Deux tiers des personnes touchées par l’illettrisme sont en emploi ou demandeurs d’emploi, mais le marché du travail devient de plus en plus sélectif. La coordination du travail, la robotisation croissante, la dématérialisation des échanges font de plus en plus appel à l’écrit.. Les activités de contrôle et de surveillance se développent en lieu et place des activités physiques sur les machines. Un nombre croissant de personnes ne maîtrisant pas les compétences fondamentales n’ont même plus accès à des emplois dits non qualifiés. Les situations d’illettrisme constituent également un obstacle au maintien dans l’emploi. Quand l’entreprise rénove ses technologies, certains salariés qui connaissaient par cœur leur travail sans plus avoir à lire les consignes voient leur savoir-faire brutalement remis en cause, et sont démunis pour s’adapter aux nouvelles exigences.

Plus de la moitié des personnes en situation d’illettrisme est âgée de plus de 45 ans. Cet accroissement de la proportion d’illettrés lié à l’âge peut résulter d’une moins bonne formation initiale mais aussi d’un effritement des compétences de base, notamment pour des personnes qui ont peu à les solliciter au quotidien. Les hommes sont plus touchés que les femmes. En dépit des efforts engagés, la lutte contre l’illettrisme n’est pas à la hauteur du problème. Malgré des progrès récents et une implication plus forte des acteurs du marché du travail, le nombre de personnes en situation d’illettrisme s’accroît.

 

Des propositions ambitieuses et concrètes

 Le COE considère que c’est bien à l’école que doivent naturellement être acquises les compétences fondamentales. Compte tenu de l’importance et des enjeux de l’illettrisme sur le marché du travail, il formule dans le champ qui est le sien -l’emploi- un ensemble de propositions qui concerne les adultes en emploi et les demandeurs d’emploi, ainsi que les jeunes en insertion professionnelle.

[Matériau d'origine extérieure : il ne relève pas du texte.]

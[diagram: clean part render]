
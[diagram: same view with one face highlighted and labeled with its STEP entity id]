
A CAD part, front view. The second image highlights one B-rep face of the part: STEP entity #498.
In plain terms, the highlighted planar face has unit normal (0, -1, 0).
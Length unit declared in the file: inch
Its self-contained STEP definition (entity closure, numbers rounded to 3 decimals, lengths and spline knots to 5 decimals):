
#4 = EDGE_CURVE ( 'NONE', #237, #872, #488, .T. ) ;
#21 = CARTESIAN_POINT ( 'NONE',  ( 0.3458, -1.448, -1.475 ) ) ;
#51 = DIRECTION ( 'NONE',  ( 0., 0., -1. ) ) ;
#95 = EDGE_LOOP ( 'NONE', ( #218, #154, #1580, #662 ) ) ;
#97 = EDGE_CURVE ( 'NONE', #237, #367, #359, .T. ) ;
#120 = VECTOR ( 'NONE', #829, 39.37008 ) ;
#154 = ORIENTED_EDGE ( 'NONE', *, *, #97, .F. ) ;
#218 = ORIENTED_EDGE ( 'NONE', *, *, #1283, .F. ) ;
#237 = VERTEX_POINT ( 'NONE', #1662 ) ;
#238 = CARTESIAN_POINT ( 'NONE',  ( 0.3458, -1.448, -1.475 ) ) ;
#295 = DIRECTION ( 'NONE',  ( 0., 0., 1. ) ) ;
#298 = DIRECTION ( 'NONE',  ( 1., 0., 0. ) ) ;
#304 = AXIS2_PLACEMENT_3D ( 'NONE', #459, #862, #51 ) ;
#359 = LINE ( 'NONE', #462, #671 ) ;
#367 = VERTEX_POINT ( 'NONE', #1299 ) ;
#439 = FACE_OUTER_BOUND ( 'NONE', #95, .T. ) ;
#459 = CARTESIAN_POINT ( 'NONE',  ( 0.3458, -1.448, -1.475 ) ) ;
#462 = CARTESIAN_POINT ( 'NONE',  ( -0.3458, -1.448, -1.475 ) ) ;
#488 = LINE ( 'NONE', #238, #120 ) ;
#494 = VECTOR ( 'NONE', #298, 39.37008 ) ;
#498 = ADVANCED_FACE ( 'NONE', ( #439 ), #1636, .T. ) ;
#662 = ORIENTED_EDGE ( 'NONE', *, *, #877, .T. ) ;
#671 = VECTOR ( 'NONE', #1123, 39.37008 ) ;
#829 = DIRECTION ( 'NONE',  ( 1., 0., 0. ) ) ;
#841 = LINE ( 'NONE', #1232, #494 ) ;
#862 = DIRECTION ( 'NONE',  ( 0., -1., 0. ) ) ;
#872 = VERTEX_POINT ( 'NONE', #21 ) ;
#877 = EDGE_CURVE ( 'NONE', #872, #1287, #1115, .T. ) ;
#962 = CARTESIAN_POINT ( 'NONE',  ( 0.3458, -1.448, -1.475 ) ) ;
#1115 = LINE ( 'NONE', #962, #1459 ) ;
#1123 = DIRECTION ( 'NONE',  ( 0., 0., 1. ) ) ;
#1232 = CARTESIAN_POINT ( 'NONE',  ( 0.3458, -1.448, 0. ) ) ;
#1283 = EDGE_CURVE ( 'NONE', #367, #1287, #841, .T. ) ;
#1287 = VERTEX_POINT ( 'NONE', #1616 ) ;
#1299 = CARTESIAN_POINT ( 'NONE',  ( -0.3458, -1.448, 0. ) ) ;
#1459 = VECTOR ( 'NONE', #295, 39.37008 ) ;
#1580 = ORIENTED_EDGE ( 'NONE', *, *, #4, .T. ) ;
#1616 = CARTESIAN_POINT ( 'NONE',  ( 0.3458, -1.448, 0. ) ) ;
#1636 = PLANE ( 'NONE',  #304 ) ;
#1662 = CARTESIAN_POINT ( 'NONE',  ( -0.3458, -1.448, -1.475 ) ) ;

Appelant de ses vœux une véritable politique nationale de lutte contre l’illettrisme qui mobilise tous les acteurs susceptibles d’intervenir et qui dispose de moyens en conséquence, le Conseil formule un ensemble de propositions pour construire et mettre en œuvre cette politique nationale.

Ces mesures s’articulent autour de cinq grands axes :

-Faire de la lutte contre l’illettrisme une grande cause nationale et organiser la mobilisation

-Mieux lutter contre les situations d’illettrisme dans la phase qui précède l’insertion professionnelle

-Se donner les moyens d’une détection systématique des situations d’illettrisme dès l’inscription des demandeurs d’emploi à Pôle emploi et faire en sorte que cette détection débouche systématiquement sur une formation aux compétences fondamentales.

-Améliorer la lutte contre l’illettrisme dans l’entreprise, dans des conditions non stigmatisantes.

-S’assurer de la qualité des formations.

 

 

*L’illettrisme est un problème distinct de l’analphabétisme, qui désigne la situation de personnes n’ayant jamais été scolarisées. De même, les migrants qui arrivent en France sans connaître notre langue ne sont pas dans une situation d’illettrisme : s’ils sont parfois analphabètes, ils peuvent aussi simplement avoir besoin d’un apprentissage du français qui constitue pour eux une langue étrangère. Chacune de ces trois problématiques appelle des prises en charge différentes.